When I needed to stop bullying others
Beyond that. I thought of times I was the bully. I don’t like to admit it, but there are times I pushed others around to get what I wanted through anger and intimidation, especially as a parent. You can read about that in My Worst Parenting Moment. It’s not a pretty place, and I’ve asked my children to forgive me for the mom I used to be. So, why did I do it? Because it works. That’s not an excuse; it’s an explanation. When all else fails, bullying works, but the price is costly. My children were afraid. I was filled with guilt and our family was wounded. These little people I loved did what I asked, not because it was the right thing to do, but because they were afraid of the consequences. I vowed to change, and to stop bullying the people I loved most, and I did.
How do we change things?
Having been on both ends of bullying, here’s what I believe; it’s up to all of us to stop bullying. The times I resorted to bullying, I felt powerless and afraid. Bullying felt like the only way to be heard. Anger replaced powerlessness and fear but the result was guilt for creating that in others. The answer to stopping bullying is simple. Help people feel powerful, loved and connected. Learn it, teach it and be the change. I know it’s possible because I live it. That isn’t some weird, “woo woo” thing. It’s basic humanity. Everyone is valuable. If they aren’t acting that way, it’s because they don’t believe it. This is so simple, powerful and so important, it bears repeating. Every person in this world is as valuable as every other person.
If you believe in a Divine Creator, I hope you learned God loves everyone, not just people who practice your religion. Do you rely on science? If so, we’re all the same energy so it’s in everyone’s best interest to nurture that energy. Whatever your beliefs, learning to see others as valuable teaches you to release the bullies with love and stop bullying anyone. It allows you to release people from your life instead of them overpowering your mind and heart. Sometimes it happens in an instant, and sometimes it takes therapy or police involvement, but whatever it takes, it’s worth it.
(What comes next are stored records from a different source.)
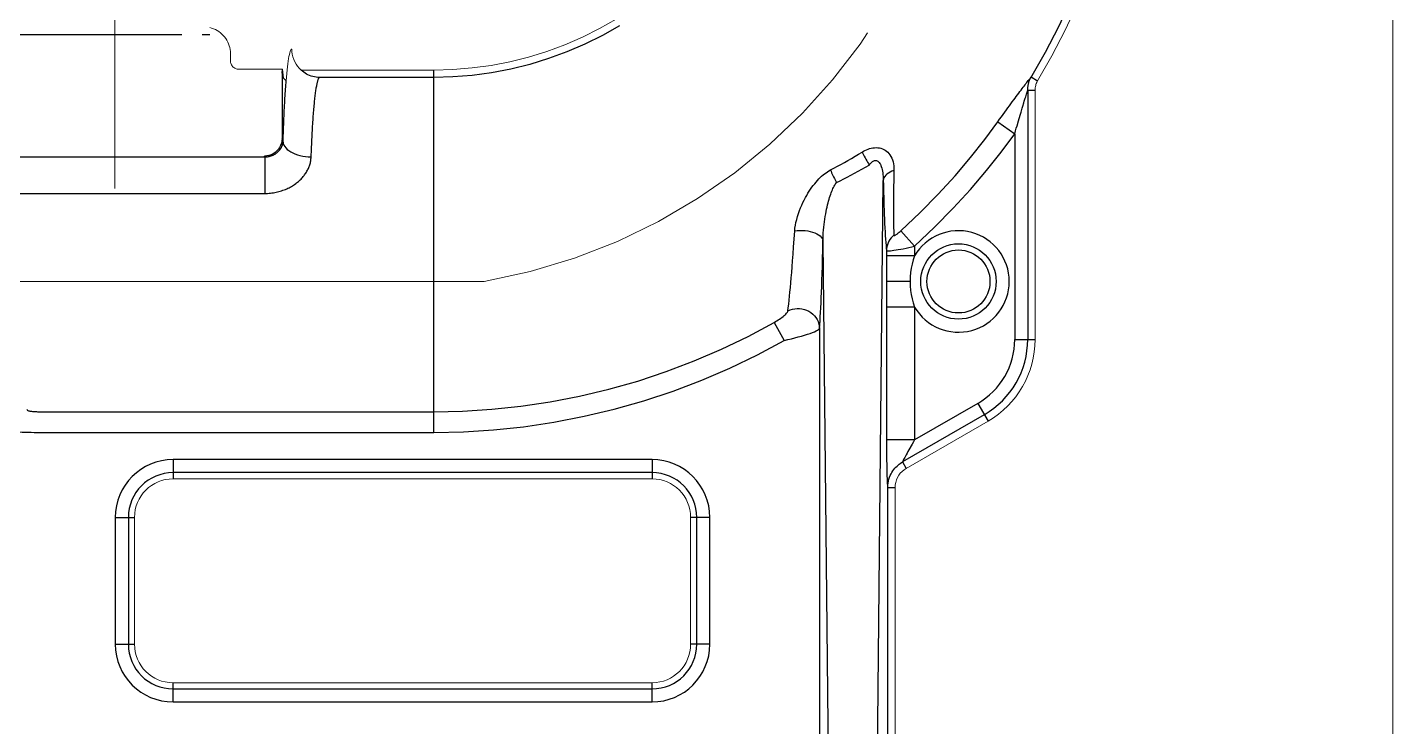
# Model space of a CAD drawing. Header units: millimetres. Extents: x 100 to 1590, y 100 to 694.
# Drawn here: x 1480.456 to 1484.09, y 501.301 to 503.163 of the extents above; entities that cross this region are included whole.
import ezdxf

# ---------------------------------------------------------------- set-up
doc = ezdxf.new("R2010")
doc.units = ezdxf.units.MM
doc.linetypes.add('CENTER', pattern=[2, 1.25, -0.25, 0.25, -0.25])
for name, color, linetype, lineweight in [('CL', 1, 'CENTER', 9), ('OUTLINE', 6, 'Continuous', 9), ('PAREDE', 7, 'Continuous', 9)]:
    doc.layers.add(name, color=color, linetype=linetype, lineweight=lineweight)

msp = doc.modelspace()

# ---------------------------------------------------------------- linework, layer by layer
at = {"color": 7, "linetype": 'Continuous'}
for p, q in [((1480.8672, 503.1431), (1480.4351, 503.1431)), ((1480.9414, 503.1431), (1480.9209, 503.1431)), ((1481.1337, 503.0414), (1481.1349, 503.0519)), ((1481.5374, 503.0299), (1481.2331, 503.0299)), ((1483.1187, 502.9961), (1483.1187, 502.3324)), ((1483.0031, 502.1321), (1482.7853, 502.0063)), ((1482.1187, 501.9778), (1480.8437, 501.9778)), ((1482.746, 500.7243), (1482.746, 501.9386)), ((1480.7246, 501.8587), (1480.7246, 501.5212)), ((1482.2378, 501.5212), (1482.2378, 501.8587)), ((1480.8437, 501.4021), (1482.1187, 501.4021))]:
    msp.add_line(p, q, dxfattribs=at)
at = {"color": 9, "linetype": 'Continuous'}
for p, q in [((1481.5374, 503.0299), (1481.5374, 503.0496)), ((1481.1337, 503.0414), (1481.1337, 502.8667)), ((1481.5374, 502.085), (1481.5374, 503.0299)), ((1483.128, 503.0313), (1483.1449, 503.0211)), ((1483.1187, 502.9961), (1483.1384, 502.9961)), ((1483.0392, 502.9122), (1483.084, 502.8802)), ((1481.1363, 502.858), (1481.1337, 502.8667)), ((1483.084, 502.8802), (1483.084, 502.3324)), ((1481.0875, 502.8186), (1481.0869, 502.8206)), ((1481.0875, 502.8186), (1481.0875, 502.7212)), ((1482.7183, 501.1445), (1482.7341, 502.7553)), ((1480.0982, 502.7212), (1481.0875, 502.7212)), ((1482.7805, 502.6212), (1482.8176, 502.5805)), ((1482.5736, 502.5944), (1482.5878, 501.1407)), ((1482.8176, 502.5805), (1482.8176, 502.5548)), ((1482.7426, 502.5692), (1482.7426, 502.5548)), ((1482.8176, 502.5548), (1482.7426, 502.5548)), ((1482.7426, 502.5548), (1482.7427, 502.4868)), ((1482.7427, 502.4868), (1482.7426, 502.4188)), ((1482.8054, 502.4868), (1482.7427, 502.4868)), ((1482.8176, 502.4188), (1482.7426, 502.4188)), ((1482.7426, 502.4188), (1482.7426, 502.0651)), ((1482.8176, 502.4188), (1482.8176, 502.0651)), ((1482.4434, 502.3777), (1482.4704, 502.3297)), ((1482.5641, 502.3619), (1482.5641, 500.9375)), ((1483.084, 502.3324), (1483.1384, 502.3324)), ((1480.4829, 502.1401), (1481.5374, 502.1401)), ((1482.9857, 502.1622), (1482.8176, 502.0651)), ((1482.9857, 502.1622), (1483.0129, 502.1151)), ((1480.4829, 502.0851), (1481.5374, 502.0851)), ((1482.8176, 502.0651), (1482.7426, 502.0651)), ((1482.8112, 502.054), (1482.8025, 502.0385)), ((1482.1187, 502.0125), (1480.8437, 502.0125)), ((1480.8437, 502.0125), (1480.8437, 501.9614)), ((1482.1187, 502.0125), (1482.1187, 501.9614)), ((1482.7853, 502.0063), (1482.7951, 501.9893)), ((1482.746, 501.9386), (1482.7657, 501.9386)), ((1480.6898, 501.8587), (1480.741, 501.8587)), ((1480.6898, 501.8587), (1480.6898, 501.5212)), ((1482.2725, 501.8587), (1482.2213, 501.8587)), ((1482.2725, 501.5212), (1482.2725, 501.8587)), ((1480.6898, 501.5212), (1480.741, 501.5212)), ((1482.2725, 501.5212), (1482.2213, 501.5212)), ((1480.8437, 501.3674), (1480.8437, 501.4185)), ((1482.1187, 501.3674), (1482.1187, 501.4185)), ((1480.8437, 501.3674), (1482.1187, 501.3674))]:
    msp.add_line(p, q, dxfattribs=at)
at = {"color": 7, "linetype": 'Continuous'}
for points in [[(1483.166, 503.0976), (1483.2013, 503.1653), (1483.2337, 503.2344), (1483.2631, 503.3047), (1483.2897, 503.3761), (1483.3132, 503.4485), (1483.3337, 503.5218), (1483.3513, 503.5958), (1483.3658, 503.6704), (1483.3772, 503.7454), (1483.3856, 503.8209), (1483.3908, 503.8965)], [(1482.0316, 503.1675), (1481.9863, 503.1418), (1481.9397, 503.1186), (1481.892, 503.098), (1481.8431, 503.0801), (1481.7932, 503.0648), (1481.7424, 503.0522), (1481.6913, 503.0425), (1481.64, 503.0355), (1481.5887, 503.0313), (1481.5374, 503.0299)], [(1483.1187, 502.9961), (1483.1187, 502.9977), (1483.1188, 502.9994), (1483.1189, 503.0011), (1483.119, 503.0028), (1483.1192, 503.0046), (1483.1194, 503.0064), (1483.1197, 503.0082), (1483.12, 503.0101), (1483.1204, 503.0121), (1483.1209, 503.014), (1483.1214, 503.016), (1483.122, 503.0181), (1483.1228, 503.0202), (1483.1236, 503.0224), (1483.1245, 503.0246), (1483.1255, 503.0268), (1483.1267, 503.029), (1483.166, 503.0976)], [(1481.2331, 503.0299), (1481.2286, 503.0301), (1481.2242, 503.0305), (1481.2198, 503.0312), (1481.2154, 503.0322), (1481.2111, 503.0335), (1481.2069, 503.0351), (1481.2028, 503.0369), (1481.1989, 503.039), (1481.1951, 503.0413), (1481.1914, 503.0438), (1481.1879, 503.0466), (1481.1846, 503.0496)], [(1482.746, 501.9386), (1482.7462, 501.9445), (1482.7469, 501.9502), (1482.7479, 501.9557), (1482.7493, 501.9608), (1482.7509, 501.9656), (1482.7528, 501.9702), (1482.7549, 501.9746), (1482.7572, 501.9786), (1482.7596, 501.9825), (1482.7622, 501.9861), (1482.765, 501.9895), (1482.7678, 501.9926), (1482.7707, 501.9955), (1482.7736, 501.9981), (1482.7765, 502.0005), (1482.7795, 502.0026), (1482.7824, 502.0046), (1482.7853, 502.0063)]]:
    msp.add_lwpolyline(points, dxfattribs=at)
at = {"color": 9, "linetype": 'Continuous'}
for points in [[(1481.1363, 502.858), (1481.1366, 502.8661), (1481.1369, 502.8742), (1481.1372, 502.8821), (1481.1375, 502.89), (1481.1378, 502.8978), (1481.1381, 502.9055), (1481.1384, 502.913), (1481.1387, 502.9204), (1481.139, 502.9278), (1481.1394, 502.9349), (1481.1397, 502.942), (1481.1401, 502.9489), (1481.1404, 502.9557), (1481.1408, 502.9624), (1481.1412, 502.9689), (1481.1415, 502.9752), (1481.1419, 502.9814), (1481.1423, 502.9875), (1481.1427, 502.9934), (1481.1431, 502.9992), (1481.1435, 503.0048), (1481.1439, 503.0102), (1481.1443, 503.0156), (1481.1447, 503.0208)], [(1481.2112, 502.8182), (1481.2115, 502.8251), (1481.2118, 502.8318), (1481.212, 502.8385), (1481.2123, 502.8451), (1481.2126, 502.8516), (1481.2129, 502.858), (1481.2132, 502.8644), (1481.2135, 502.8706), (1481.2139, 502.8768), (1481.2142, 502.8828), (1481.2145, 502.8887), (1481.2149, 502.8945), (1481.2152, 502.9003), (1481.2156, 502.9059), (1481.2159, 502.9113), (1481.2163, 502.9167), (1481.2166, 502.9219), (1481.217, 502.927), (1481.2174, 502.932), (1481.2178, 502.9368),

So release your past bullies including the one in the mirror. Live your best life. Be the best version of you. Envision others at their best and create the world you want to live in one day at a time. If you do encounter a bully, know their behavior results from fear and powerlessness. You have the power to respond kindly. I hope that’s what you choose. If you want help with that, read the book Positive Personality Profiles or contact me at firstname.lastname@example.org for a personal profile consultation. As always, thanks for being you and have a great day.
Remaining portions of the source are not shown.